Accurate modeling of a truck tire for predicting dynamic characteristics requires an adequate representa- tion of its composite plies. This study compares two approaches in modeling the multi-layered structure of a rolling radial-ply truck tire using LS-DYNA. In the first approach, different layers in the tire structure are modeled using individual elements; whereas, in the second, all layers are represented by a single element with layered configuration managed by the PART_COMPOSITE keyword.
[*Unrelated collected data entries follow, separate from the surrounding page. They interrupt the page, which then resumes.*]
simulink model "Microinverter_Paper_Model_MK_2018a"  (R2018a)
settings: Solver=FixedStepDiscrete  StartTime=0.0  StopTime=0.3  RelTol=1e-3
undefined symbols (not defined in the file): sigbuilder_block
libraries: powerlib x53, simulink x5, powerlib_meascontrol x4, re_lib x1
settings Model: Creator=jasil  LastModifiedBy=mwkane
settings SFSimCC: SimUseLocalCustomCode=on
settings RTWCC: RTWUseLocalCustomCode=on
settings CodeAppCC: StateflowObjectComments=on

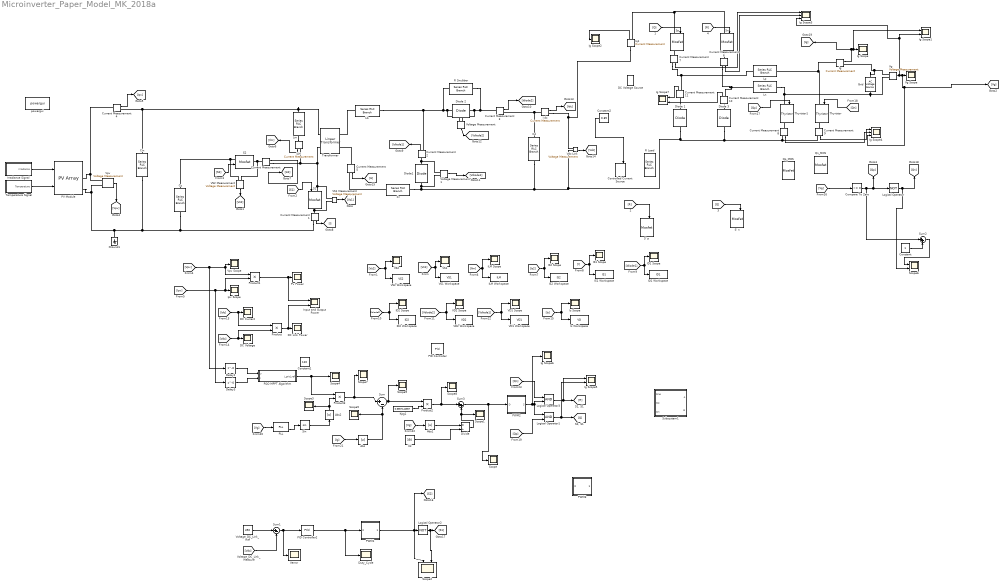
== system Microinverter_Paper_Model_MK_2018a ==
  Abs : Abs
  Abs1 : Abs
  Abs2 : Abs
  Cc : powerlib/Elements/Series RLC Branch  LConnTagsString=__new0  RConnTagsString=__new0  BranchType=RC  Resistance=0.000001  Inductance=1e-3  SetiL0=off  InitialCurrent=0  Capacitance=2.2e-6  Setx0=off  InitialVoltage=0  Measurements=None
      settings: SourceProductName=Simscape Electrical
  Cd : powerlib/Elements/Series RLC Branch  LConnTagsString=__new0  RConnTagsString=__new0  BranchType=RC  Resistance=0.000001  Inductance=1e-3  SetiL0=off  InitialCurrent=0  Capacitance=1  Setx0=off  InitialVoltage=0  Measurements=None
      settings: SourceProductName=Simscape Electrical
  Cin : powerlib/Elements/Series RLC Branch  LConnTagsString=__new0  RConnTagsString=__new0  BranchType=RC  Resistance=0.000001  Inductance=1e-3  SetiL0=off  InitialCurrent=0  Capacitance=1e-3  Setx0=off  InitialVoltage=0  Measurements=Branch voltage
      settings: SourceProductName=Simscape Electrical
  Compare To Zero : simulink/Logic and Bit Operations/Compare To Zero  relop=>=  OutDataTypeStr=boolean
  Constant : Constant
  Constant1 : Constant  Value=120
  Constant2 : Constant  Value=0.85
  Controlled Current Source : powerlib/Electrical Sources/Controlled Current Source  Initialize=on  Source_Type=AC  Amplitude=0  Phase=0  Frequency=0  Measurements=None
      settings: SourceProductName=Simscape Electrical
  Cr : powerlib/Elements/Series RLC Branch  LConnTagsString=__new0  RConnTagsString=__new0  BranchType=RC  Resistance=0.000001  Inductance=1e-3  SetiL0=off  InitialCurrent=0  Capacitance=2.4e-6  Setx0=off  InitialVoltage=0  Measurements=None
      settings: SourceProductName=Simscape Electrical
  Current Measurement{,1..11} (12 alike) : powerlib/Measurements/Current Measurement  PhasorSimulation=off  OutputType=Complex  PSBequivalent=0
      settings: SourceProductName=Simscape Electrical
  DC Current : Scope
  DC Link Power : Scope
  DC Voltage : Scope
  DC Voltage Source : powerlib/Electrical Sources/DC Voltage Source  Amplitude=350  Measurements=None
      settings: SourceProductName=Simscape Electrical
  Delay2 : Delay  DelayLength=0  SampleTime=0.0001
  Delay3 : Delay  DelayLength=0  SampleTime=0.0001
  Diode 1 : powerlib/Power Electronics/Diode  Ron=1  Lon=0  Vf=0.8  IC=0  UseSnubber=0  Rs=1e5  Cs=inf  Measurements=off
      settings: SourceProductName=Simscape Electrical
  Diode 2 : powerlib/Power Electronics/Diode  Ron=1  Lon=0  Vf=0.8  IC=0  UseSnubber=0  Rs=inf  Cs=0  Measurements=off
      settings: SourceProductName=Simscape Electrical
  Diode 3 : powerlib/Power Electronics/Diode  Ron=1  Lon=0  Vf=0.8  IC=0  UseSnubber=0  Rs=1e5  Cs=inf  Measurements=off
      settings: SourceProductName=Simscape Electrical
  Diode1 : powerlib/Power Electronics/Diode  Ron=0.01  Lon=0  Vf=0.8  IC=0  UseSnubber=0  Rs=inf  Cs=0  Measurements=off
      settings: SourceProductName=Simscape Electrical
  Divide : Product  Inputs=*/
  Duty_Cycle : Scope
  Grid : powerlib/Electrical Sources/AC Voltage Source  Amplitude=311.126  Phase=0  Frequency=60  SampleTime=0  Measurements=None  BusType=swing  Pref=0  Qref=0  Qmin=-inf  Qmax=+inf
      settings: SourceProductName=Simscape Electrical
  Ground1 : powerlib/Elements/Ground  LConnTagsString=a
      settings: SourceProductName=Simscape Electrical
  I dc : powerlib/Measurements/Current Measurement  PhasorSimulation=off  OutputType=Complex  PSBequivalent=0
      settings: SourceProductName=Simscape Electrical
  ID1 Scope : Scope
  ID1 Workspace : ToWorkspace  VariableName=ID1  SaveFormat=Timeseries  SampleTime=-1
  ID2 Scope : Scope
  ID2 Workspace : ToWorkspace  VariableName=ID2  SaveFormat=Timeseries  SampleTime=-1
  ILM Workspace : ToWorkspace  VariableName=ILM  SaveFormat=Timeseries  SampleTime=-1
  IS1 Scope : Scope
  IS1 Workspace : ToWorkspace  VariableName=IS1  SaveFormat=Timeseries  SampleTime=-1
  IS2 Scope : Scope
  IS2 Workspace : ToWorkspace  VariableName=IS2  SaveFormat=Timeseries  SampleTime=-1
  Ig : powerlib/Measurements/Current Measurement  PhasorSimulation=off  OutputType=Complex  PSBequivalent=0
      settings: SourceProductName=Simscape Electrical
  Ig Scope : Scope
  Ig Scope1 : Scope  NumInputPorts=2
  Ig Scope2 : Scope
  Ig Scope3 : Scope  NumInputPorts=3
  Ig Scope4 : Scope  NumInputPorts=3
  Ig Scope5 : Scope  NumInputPorts=2
  Ig Scope6 : Scope
  Ig Scope7 : Scope  NumInputPorts=2
  Ig1 : powerlib/Measurements/Current Measurement  PhasorSimulation=off  OutputType=Complex  PSBequivalent=0
      settings: SourceProductName=Simscape Electrical
  Input and Output Power : Scope  NumInputPorts=2
  Ipv Scope : Scope
  "Irradiance Signal " : Subsystem  Tag=STV Subsys  LoadFcn=sigbuilder_block('load');  StartFcn=sigbuilder_block('start');  StopFcn=sigbuilder_block('stop');  ClipboardFcn=sigbuilder_block('clipboard');  mask(Sigbuilder block){tuvar=[0:10]}
      mask help: Simulink:masks:SigbuilderBlock_MD
      mask init:
      | if ~strcmp(get_param(bdroot(gcbh),'SimulationStatus'),'stopped') tuvar = sigbuilder_block('maskInit'); end
      settings: CopyFcn=sigbuilder_block('copy');  DeleteFcn=sigbuilder_block('delete');  ModelCloseFcn=sigbuilder_block('modelClose');  PreSaveFcn=sigbuilder_block('preSave');  PauseFcn=sigbuilder_block('pause');  ContinueFcn=sigbuilder_block('continue');  NameChangeFcn=sigbuilder_block('namechange');  OpenFcn=sigbuilder_block('open',[6 30 1012.5 447.75 ]);  CloseFcn=sigbuilder_block('close');
      mask Display: plot(0, 0, 100, 100,[2, 2, 32, 32, 2], [68, 8, 8, 68, 68],[32, 2], [38, 38], [32, 19, 2],[53, 60, 44], [32, 17, 17, 2],[16, 16, 31, 31]);txt = getActiveGroup(gcbh);text(2, 100, txt,'verticalAlignment', 'top');
  Is Scope : Scope
  Is Workspace : ToWorkspace  VariableName=VD  SaveFormat=Timeseries  SampleTime=-1
  Kpg1 : Constant  Value=0.6857142857
  Llk : powerlib/Elements/Series RLC Branch  LConnTagsString=__new0  RConnTagsString=__new0  BranchType=RL  Resistance=0.000001  Inductance=2.6e-6  SetiL0=off  InitialCurrent=0  Capacitance=1e-6  Setx0=off  InitialVoltage=0  Measurements=None
      settings: SourceProductName=Simscape Electrical
  Lm : powerlib/Elements/Series RLC Branch  LConnTagsString=__new0  RConnTagsString=__new0  BranchType=RL  Resistance=0.000001  Inductance=20e-6  SetiL0=off  InitialCurrent=0  Capacitance=1e-6  Setx0=off  InitialVoltage=0  Measurements=None
      settings: SourceProductName=Simscape Electrical
  Ln : powerlib/Elements/Series RLC Branch  LConnTagsString=__new0  RConnTagsString=__new0  BranchType=RL  Resistance=70e-3  Inductance=15e-3  SetiL0=off  InitialCurrent=0  Capacitance=1e-6  Setx0=off  InitialVoltage=0  Measurements=None
      settings: SourceProductName=Simscape Electrical
  Logical Operator : Logic  Operator=NOT  AllPortsSameDT=off  OutDataTypeStr=boolean
  Logical Operator1 : Logic  AllPortsSameDT=off  OutDataTypeStr=boolean
  Logical Operator2 : Logic  Operator=NOT  AllPortsSameDT=off  OutDataTypeStr=boolean
  Logical Operator3 : Logic  AllPortsSameDT=off  OutDataTypeStr=boolean
  Lp : powerlib/Elements/Series RLC Branch  LConnTagsString=__new0  RConnTagsString=__new0  BranchType=RL  Resistance=70e-3  Inductance=15e-3  SetiL0=off  InitialCurrent=0  Capacitance=1e-6  Setx0=off  InitialVoltage=0  Measurements=None
      settings: SourceProductName=Simscape Electrical
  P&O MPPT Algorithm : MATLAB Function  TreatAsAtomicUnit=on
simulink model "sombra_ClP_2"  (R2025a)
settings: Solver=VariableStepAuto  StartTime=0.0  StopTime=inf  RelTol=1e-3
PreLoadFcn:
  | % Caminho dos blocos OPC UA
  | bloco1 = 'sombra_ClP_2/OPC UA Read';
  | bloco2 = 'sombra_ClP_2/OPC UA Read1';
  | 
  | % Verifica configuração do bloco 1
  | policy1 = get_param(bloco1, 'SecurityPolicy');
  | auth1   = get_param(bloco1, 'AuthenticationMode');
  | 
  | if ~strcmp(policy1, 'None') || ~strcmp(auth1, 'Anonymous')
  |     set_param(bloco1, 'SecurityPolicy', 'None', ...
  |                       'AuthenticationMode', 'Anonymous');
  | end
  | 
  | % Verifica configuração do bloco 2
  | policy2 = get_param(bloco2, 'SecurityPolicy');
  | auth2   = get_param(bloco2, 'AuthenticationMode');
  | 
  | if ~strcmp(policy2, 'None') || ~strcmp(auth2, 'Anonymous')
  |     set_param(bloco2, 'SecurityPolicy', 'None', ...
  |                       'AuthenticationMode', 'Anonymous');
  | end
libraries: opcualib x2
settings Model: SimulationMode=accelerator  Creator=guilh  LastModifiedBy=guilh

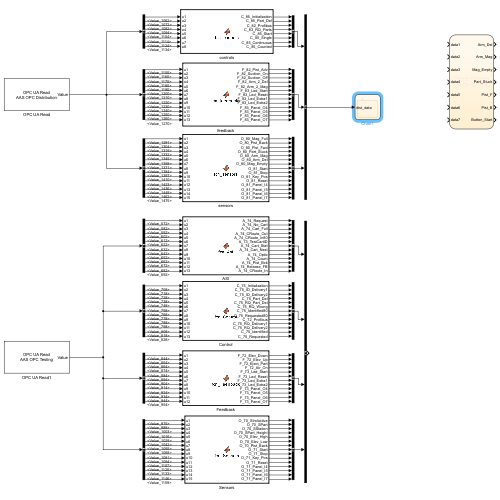
[thumbnail: Simulink's stored preview of the top-level diagram]
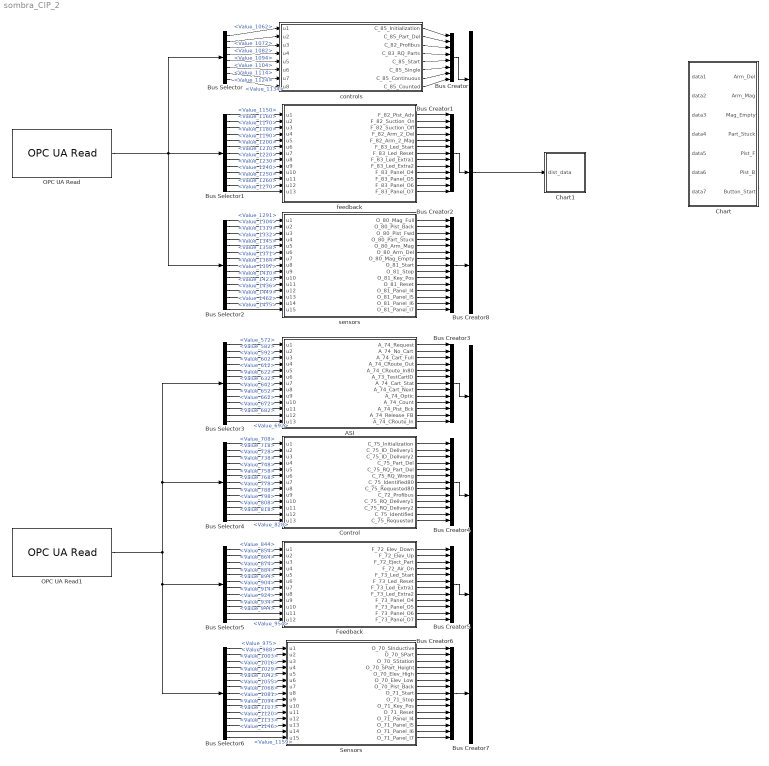
== system sombra_ClP_2 ==
  ASI : MATLAB Function  TreatAsAtomicUnit=on
  Bus Creator : BusCreator  Inputs=8
  Bus Creator1 : BusCreator  Inputs=13
  Bus Creator2 : BusCreator  Inputs=15
  Bus Creator3 : BusCreator  Inputs=13
  Bus Creator4 : BusCreator  Inputs=13
  Bus Creator5 : BusCreator  Inputs=12
  Bus Creator6 : BusCreator  Inputs=15
  Bus Creator7 : BusCreator  Inputs=4
  Bus Creator8 : BusCreator  Inputs=3
  Bus Selector : BusSelector  OutputSignals=Value_1062,Value_1072,Value_1082,Value_1094,Value_1104,Value_1114,Value_1124,Value_1134
  Bus Selector1 : BusSelector  OutputSignals=Value_1150,Value_1160,Value_1170,Value_1180,Value_1190,Value_1200,Value_1210,Value_1220,Value_1230,Value_1240,Value_1250,Value_1260,Value_1270
  Bus Selector2 : BusSelector  OutputSignals=Value_1291,Value_1304,Value_1319,Value_1332,Value_1345,Value_1358,Value_1371,Value_1384,Value_1397,Value_1410,Value_1423,Value_1436,Value_1449,Value_1462,Value_1475
  Bus Selector3 : BusSelector  OutputSignals=Value_572,Value_582,Value_592,Value_602,Value_612,Value_622,Value_632,Value_642,Value_652,Value_662,Value_672,Value_682,Value_692
  Bus Selector4 : BusSelector  OutputSignals=Value_708,Value_718,Value_728,Value_738,Value_748,Value_758,Value_768,Value_778,Value_788,Value_798,Value_808,Value_818,Value_828
  Bus Selector5 : BusSelector  OutputSignals=Value_844,Value_854,Value_864,Value_874,Value_884,Value_894,Value_904,Value_914,Value_924,Value_934,Value_944,Value_954
  Bus Selector6 : BusSelector  OutputSignals=Value_975,Value_988,Value_1003,Value_1016,Value_1029,Value_1042,Value_1055,Value_1068,Value_1081,Value_1094,Value_1107,Value_1120,Value_1133,Value_1146,Value_1159
  Chart : Stateflow chart  TreatAsAtomicUnit=on
  Chart1 : Stateflow chart  TreatAsAtomicUnit=on
  Control : MATLAB Function  TreatAsAtomicUnit=on
  Feedback : MATLAB Function  TreatAsAtomicUnit=on
  OPC UA Read : opcualib/OPC UA Read  SelectedServer=AAS OPC Distribution  ServerList=AAS OPC Distribution  NodeList={ '1', 'Value', '6', '1062', '1'; '2', 'Value', '6', '1072', '1'; '3', 'Value', '6', '1082', '1'; '4', 'Value', '6', '1094', '1'; '5', 'Value', '6', '1104', '1'; '6', 'Value', '6', '1114', '1'; '7', 'Value', '6', '1124', '1'; '8', 'Value', '6', '1134', '1'; '9', 'Value', '6', '1150', '1'; '10', 'Value', '6', '1160', '1'; '11', 'Value', '6', '1170', '1'; '12', 'Value', '6', '1180', '1'; '13', 'Value', '6', '1190', '1'; '14', 'Value', '6', '1200', '1'; '15', 'Value', '6', '1210', '1'; '16', 'Value', '6', '1220', '1'; '17', 'Value', '6', '1230', '1'; '18', 'Value', '6', '1240', '1'; '19', 'Value', '6', '1250', '1'; '20', 'Value', '6', '1260', '1'; '21', 'Value', '6', '1270', '1'; '22', 'Value', '6', '1291', '1'; '23', 'Value', '6', '1304', '1'; '24', 'Value', '6', '1319', '1'; '25', 'Value', '6', '1332', '1'; '26', 'Value', '6', '1345', '1'; '27', 'Value', '6', '1358', '1'; '28', 'Value', '6', '1371', '1'; '29', 'Value', '6', '1384', '1'; '30', 'Value', '6', '1397', '1'; '31', 'Value', '6', '1410', '1'; '32', 'Value', '6', '1423', '1'; '33', 'Value', '6', '1436', '1'; '34', 'Value', '6', '1449', '1'; '35', 'Value', '6', '1462', '1'; '36', 'Value', '6', '1475', '1' }  ShowQualityPort=off  ShowTimestampPort=off  ShowTimestampPortAs=Seconds since start  SampleTime=-1
  OPC UA Read1 : opcualib/OPC UA Read  SelectedServer=AAS OPC Testing  ServerList=AAS OPC Testing  NodeList={ '1', 'Value', '6', '572', '1'; '2', 'Value', '6', '582', '1'; '3', 'Value', '6', '592', '1'; '4', 'Value', '6', '602', '1'; '5', 'Value', '6', '612', '1'; '6', 'Value', '6', '622', '1'; '7', 'Value', '6', '632', '1'; '8', 'Value', '6', '642', '1'; '9', 'Value', '6', '652', '1'; '10', 'Value', '6', '662', '1'; '11', 'Value', '6', '672', '1'; '12', 'Value', '6', '682', '1'; '13', 'Value', '6', '692', '1'; '14', 'Value', '6', '708', '1'; '15', 'Value', '6', '718', '1'; '16', 'Value', '6', '728', '1'; '17', 'Value', '6', '738', '1'; '18', 'Value', '6', '748', '1'; '19', 'Value', '6', '758', '1'; '20', 'Value', '6', '768', '1'; '21', 'Value', '6', '778', '1'; '22', 'Value', '6', '788', '1'; '23', 'Value', '6', '798', '1'; '24', 'Value', '6', '808', '1'; '25', 'Value', '6', '818', '1'; '26', 'Value', '6', '828', '1'; '27', 'Value', '6', '844', '1'; '28', 'Value', '6', '854', '1'; '29', 'Value', '6', '864', '1'; '30', 'Value', '6', '874', '1'; '31', 'Value', '6', '884', '1'; '32', 'Value', '6', '894', '1'; '33', 'Value', '6', '904', '1'; '34', 'Value', '6', '914', '1'; '35', 'Value', '6', '924', '1'; '36', 'Value', '6', '934', '1'; '37', 'Value', '6', '944', '1'; '38', 'Value', '6', '954', '1'; '39', 'Value', '6', '975', '1'; '40', 'Value', '6', '988', '1'; '41', 'Value', '6', '1003', '1'; '42', 'Value', '6', '1016', '1'; '43', 'Value', '6', '1029', '1'; '44', 'Value', '6', '1042', '1'; '45', 'Value', '6', '1055', '1'; '46', 'Value', '6', '1068', '1'; '47', 'Value', '6', '1081', '1'; '48', 'Value', '6', '1094', '1'; '49', 'Value', '6', '1107', '1'; '50', 'Value', '6', '1120', '1'; '51', 'Value', '6', '1133', '1'; '52', 'Value', '6', '1146', '1'; '53', 'Value', '6', '1159', '1' }  ShowQualityPort=off  ShowTimestampPort=off  ShowTimestampPortAs=Seconds since start  SampleTime=-1
  Sensors : MATLAB Function  TreatAsAtomicUnit=on
  controls : MATLAB Function  TreatAsAtomicUnit=on
  feedback : MATLAB Function  TreatAsAtomicUnit=on
  sensors : MATLAB Function  TreatAsAtomicUnit=on
  wires:
  OPC UA Read/1 -> Bus Selector2/1, Bus Selector/1, Bus Selector1/1
  Bus Selector/1 -> controls/1(u1)  "<Value_1062>"
  Bus Selector/2 -> controls/2(u2)  "<Value_1072>"
  Bus Selector/3 -> controls/3(u3)  "<Value_1082>"
  Bus Selector/4 -> controls/4(u4)  "<Value_1094>"
  Bus Selector/5 -> controls/5(u5)  "<Value_1104>"
  Bus Selector/6 -> controls/6(u6)  "<Value_1114>"
  Bus Selector/7 -> controls/7(u7)  "<Value_1124>"
  Bus Selector/8 -> controls/8(u8)  "<Value_1134>"
  Bus Selector1/11 -> feedback/11(u11)  "<Value_1250>"
  Bus Selector1/12 -> feedback/12(u12)  "<Value_1260>"
  Bus Selector1/13 -> feedback/13(u13)  "<Value_1270>"
  Bus Selector1/1 -> feedback/1(u1)  "<Value_1150>"
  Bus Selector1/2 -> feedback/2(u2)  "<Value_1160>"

Hence, in this article, these tire models are named as the Individual-Element (IE) model versus the Part-Composite (PC) model. In the Individual-Element (IE) model, the carcass and belt plies are formulated using layers of isotropic solids representing rubber matrix, together with separate layers of orthotropic shells describing fiber-reinforced composite plies. In the Part-Composite (PC) model, however, the carcass and belt plies are simplified to a single layer made of shell elements with layered configuration using the PART_COMPOSITE keyword. This keyword allows to define stacks of plies with pertinent material properties, thicknesses and fiber orientations to manage the integration rule through the thickness of a composite part. The Part-Composite (PC) model was then verified to be in reasonable agreement with the Individual-Element (IE) model in predicting the load-deflection, cornering force/moment and modal characteristics of a truck tire. The validities of the tire models are also evaluated by comparing their simulation results with the reported experimental data. The Individual-Element (IE) model has the potential to be applied as a reliable virtual tool to study the influences of various operating and design parameters upon the tire dynamic characteristics. However, the large num- ber of elements in such a detailed model makes it computationally expensive. With the Part-Composite (PC) model, the computational efficiency was remarkably improved since replacing several individual elements with one layered element reduced the total number of elements and thus the computational demand.